Within two years, 12,000 of the Central Pacific railroad's 13,500 employees
were Chinese immigrants.
The work was
grueling, performed almost entirely by hand. With pickaxes, hammers, and crowbars,
workers chipped out railbeds. Dirt and
rock were carried away in baskets and carts. Tree stumps had to be rooted out,
tracks laid, spikes driven, and aquaducts and tunnels constructed.
To carve out
a rail bed from ridges that jutted up 2,000 over the valley below, Chinese
immigrants were lowered in baskets to hammer at solid shale and granite and
insert dynamite.
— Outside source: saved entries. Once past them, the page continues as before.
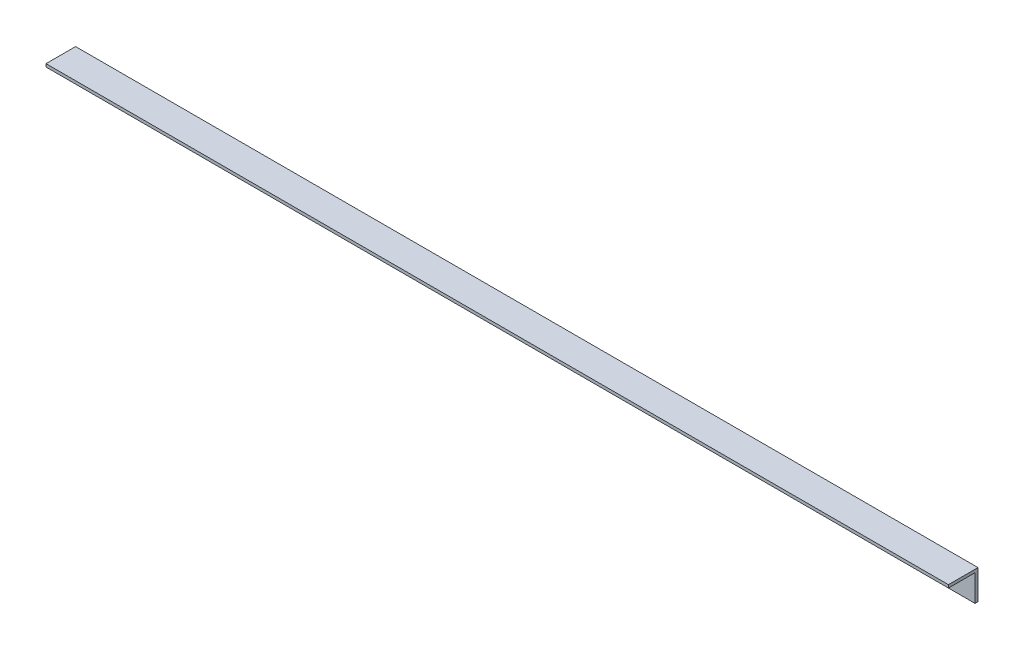
SolidWorks part; units mm, degrees
ref_plane "Plan de face" through (0, 0, 0) normal (0, 0, 1) x (1, 0, 0)
ref_plane "Plan de dessus" through (0, 0, 0) normal (0, 1, 0) x (1, 0, 0)
ref_plane "Plan de droite" through (0, 0, 0) normal (1, 0, 0) x (0, 0, -1)
sketch "Esquisse1" plane through (0, 0, 0) normal (0, 0, 1) x (1, 0, 0)
  line L1 (0, 0) -> (610, 0)
  line L2 (0, 0) -> (0, 20)
  line L3 (0, 20) -> (610, 20)
  line L4 (610, 0) -> (610, 20)
  dimension "D1" = 20
  dimension "D2" = 610
extrude "Boss.-Extru.1" add sketch "Esquisse1" along normal blind 2
sketch "Esquisse2" plane through (0, 0, 2) normal (0, 0, 1) x (1, 0, 0)
  line L0 (610, 0) -> (610, 20) construction
  line L1 (0, 20) -> (610, 20)
  line L2 (0, 20) -> (0, 18)
  line L3 (0, 18) -> (610, 18)
  line L4 (610, 20) -> (610, 18)
  dimension "D1" = 2
extrude "Boss.-Extru.2" add sketch "Esquisse2" along normal blind 18
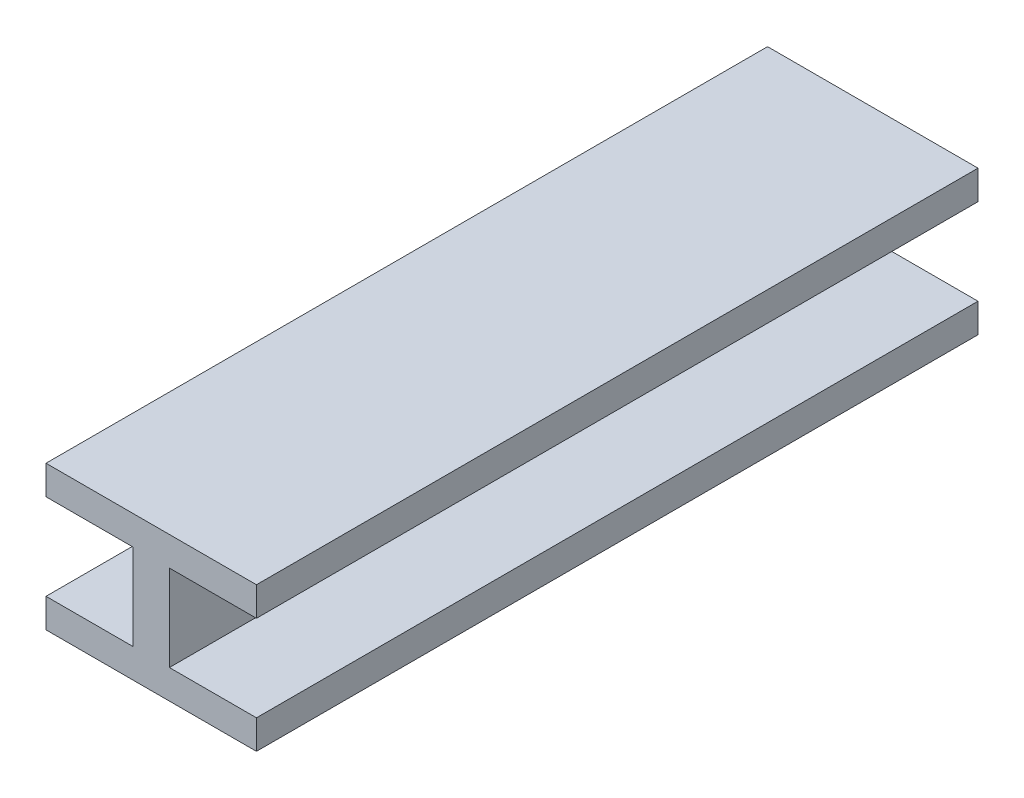
SolidWorks part; units mm, degrees
ref_plane "Front Plane" through (0, 0, 0) normal (0, 0, 1) x (1, 0, 0)
ref_plane "Top Plane" through (0, 0, 0) normal (0, 1, 0) x (1, 0, 0)
ref_plane "Right Plane" through (0, 0, 0) normal (1, 0, 0) x (0, 0, -1)
sketch "Sketch1" plane through (0, 0, 0) normal (0, 0, 1) x (1, 0, 0)
  line L0 (0, 50.8) -> (0, -50.8) construction
  line L1 (3.8372, 9.1005) -> (3.8372, -9.1005)
  line L2 (-3.8372, 9.1005) -> (-3.8372, -9.1005)
  line L3 (3.8372, -9.1005) -> (22.225, -9.1005)
  line L4 (-3.8372, -9.1005) -> (-22.225, -9.1005)
  line L5 (22.225, -9.1005) -> (22.225, -15.24)
  line L6 (-22.225, -9.1005) -> (-22.225, -15.24)
  line L7 (22.225, -15.24) -> (-22.225, -15.24)
  line L8 (-3.8372, 0) -> (3.8372, 0) construction
  line L9 (-22.225, 9.1005) -> (-22.225, 15.24)
  line L10 (-3.8372, 9.1005) -> (-22.225, 9.1005)
  line L11 (22.225, 15.24) -> (-22.225, 15.24)
  line L12 (22.225, 9.1005) -> (22.225, 15.24)
  line L13 (3.8372, 9.1005) -> (22.225, 9.1005)
  point P4 (0, 0)
  point P7 (3.8372, 0)
  point P13 (0, -15.24)
  point P17 (0, 0)
  dimension "D1" = 6.1395
  dimension "D2" = 30.48
  dimension "D3" = 7.6744
  dimension "D4" = 44.45
extrude "Boss-Extrude2" add sketch "Sketch1" along normal mid plane 152.4
equation "\"T\"= .2417125"
equation "\"H\"= 1.2"
equation "\"W\"= 1.75"
equation "\"D3@Sketch1\"=\"T\"*1.25"
equation "\"D1@Sketch1\"=\"T\""
equation "\"D4@Sketch1\"=\"W\""
equation "\"D2@Sketch1\"=\"H\""

During the winter of
1865-1866, when the railroad carved passages through the summit of the Sierra
Nevadas, 3,000 lived and worked in tunnels dug beneath 40-foot snowdrifts. Accidents, avalanches, and explosions left
as estimated 1,200 Chinese immigrant workers dead.
Despite
their heroic labors, California's Chinese immigrants became the objects of
discriminatory laws and racial violence.
California barred these immigrants from appearing as witnesses in court,
prohibited them from voting or becoming naturalized citizens, and placed their
children in segregated school. The state
imposed special taxes on "foreign" miners and Chinese fishermen.